> EXERCISE AIM
From the entries below, copy every line where the string "Locations" appears.

> EXTRACTED RECORDS
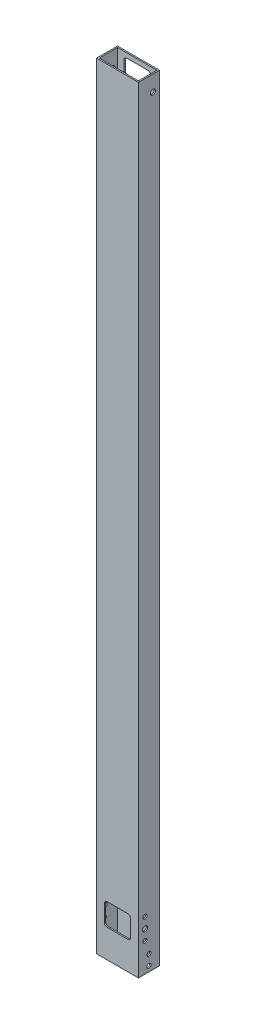
from build123d import *

# Parameters (mm, degrees)
SKETCH1_W               = 50.8
SKETCH1_H               = 939.8
BOSS_EXTRUDE1_DEPTH     = 12.7
SHELL1_T                = -1.5875
CUT_EXTRUDE1_DEPTH      = 471.757326018
CUT_EXTRUDE1_DEPTH_BACK = 471.757326018
SKETCH3_R               = 2.4892
CUT_EXTRUDE2_DEPTH      = 471.757326018
CUT_EXTRUDE2_DEPTH_BACK = 471.757326018
SKETCH4_R               = 3.175
SKETCH4_R_2             = 2.4892
SKETCH5_W               = 31.75
SKETCH5_H               = 26.9875
CUT_EXTRUDE3_DEPTH      = 471.757326018
FILLET1_R               = 3.175
CUT_EXTRUDE4_DEPTH      = 471.757326018
CUT_EXTRUDE4_DEPTH_BACK = 471.757326018
SKETCH6_R               = 3.175
SKETCH7_W               = 31.75
SKETCH7_H               = 26.9875
CUT_EXTRUDE5_DEPTH      = 471.757326018
FILLET2_R               = 3.175


with BuildPart() as part:
    # Sketch1 → Boss-Extrude1 (new, symmetric)
    with BuildSketch(Plane.XY):
        Rectangle(SKETCH1_W, SKETCH1_H)
    extrude(amount=BOSS_EXTRUDE1_DEPTH, both=True)

    # Shell1
    shell1_openings = [part.faces().sort_by_distance(p)[0] for p in [
        (0, -469.9, 0),
        (0, 469.9, 0),
    ]]
    offset(amount=SHELL1_T, openings=shell1_openings, kind=Kind.INTERSECTION)

    # Sketch3 → Cut-Extrude1 (cut, two sides: drawn at the far end of the back side and taken through both)
    with BuildSketch(Plane(origin=(0, 0, 0), x_dir=(0, 0, -1), z_dir=(1, 0, 0)).offset(-CUT_EXTRUDE1_DEPTH_BACK)):
        with Locations((0, -463.55)):
            Circle(SKETCH3_R)
        with Locations((0, -450.85)):
            Circle(SKETCH3_R)
    extrude(amount=CUT_EXTRUDE1_DEPTH + CUT_EXTRUDE1_DEPTH_BACK, mode=Mode.SUBTRACT)

    # Sketch4 → Cut-Extrude2 (cut, two sides: drawn at the far end of the back side and taken through both)
    with BuildSketch(Plane(origin=(0, 0, 0), x_dir=(0, 0, -1), z_dir=(1, 0, 0)).offset(-CUT_EXTRUDE2_DEPTH_BACK)):
        with Locations((-4.7625, -422.275)):
            Circle(SKETCH4_R)
        with Locations((-4.7625, -409.575)):
            Circle(SKETCH4_R_2)
        with Locations((-4.7625, -434.975)):
            Circle(SKETCH4_R_2)
    extrude(amount=CUT_EXTRUDE2_DEPTH + CUT_EXTRUDE2_DEPTH_BACK, mode=Mode.SUBTRACT)

    # Sketch5 → Cut-Extrude3 (cut, through all)
    with BuildSketch(Plane.XY):
        with Locations((0, -422.275)):
            Rectangle(SKETCH5_W, SKETCH5_H)
    extrude(amount=CUT_EXTRUDE3_DEPTH, mode=Mode.SUBTRACT)

    # Fillet1
    fillet1_edges = [part.edges().sort_by_distance(p)[0] for p in [
        (-15.875, -408.78125, 11.90625),
        (-15.875, -435.76875, 11.90625),
        (15.875, -435.76875, 11.90625),
        (15.875, -408.78125, 11.90625),
    ]]
    fillet(fillet1_edges, radius=FILLET1_R)

    # Sketch6 → Cut-Extrude4 (cut, two sides: drawn at the far end of the back side and taken through both)
    with BuildSketch(Plane(origin=(0, 0, 0), x_dir=(0, 0, -1), z_dir=(1, 0, 0)).offset(-CUT_EXTRUDE4_DEPTH_BACK)):
        with Locations((4.7625, 450.85)):
            Circle(SKETCH6_R)
    extrude(amount=CUT_EXTRUDE4_DEPTH + CUT_EXTRUDE4_DEPTH_BACK, mode=Mode.SUBTRACT)

    # Sketch7 → Cut-Extrude5 (cut, through all)
    with BuildSketch(Plane.XY):
        with Locations((0, 450.85)):
            Rectangle(SKETCH7_W, SKETCH7_H)
    extrude(amount=-CUT_EXTRUDE5_DEPTH, mode=Mode.SUBTRACT)

    # Fillet2
    fillet2_edges = [part.edges().sort_by_distance(p)[0] for p in [
        (15.875, 464.34375, -11.90625),
        (15.875, 437.35625, -11.90625),
        (-15.875, 437.35625, -11.90625),
        (-15.875, 464.34375, -11.90625),
    ]]
    fillet(fillet2_edges, radius=FILLET2_R)


solid = part.part

> ANSWER FOR THE TASK
        with Locations((0, -463.55)):
        with Locations((0, -450.85)):
        with Locations((-4.7625, -422.275)):
        with Locations((-4.7625, -409.575)):
        with Locations((-4.7625, -434.975)):
        with Locations((0, -422.275)):
        with Locations((4.7625, 450.85)):
        with Locations((0, 450.85)):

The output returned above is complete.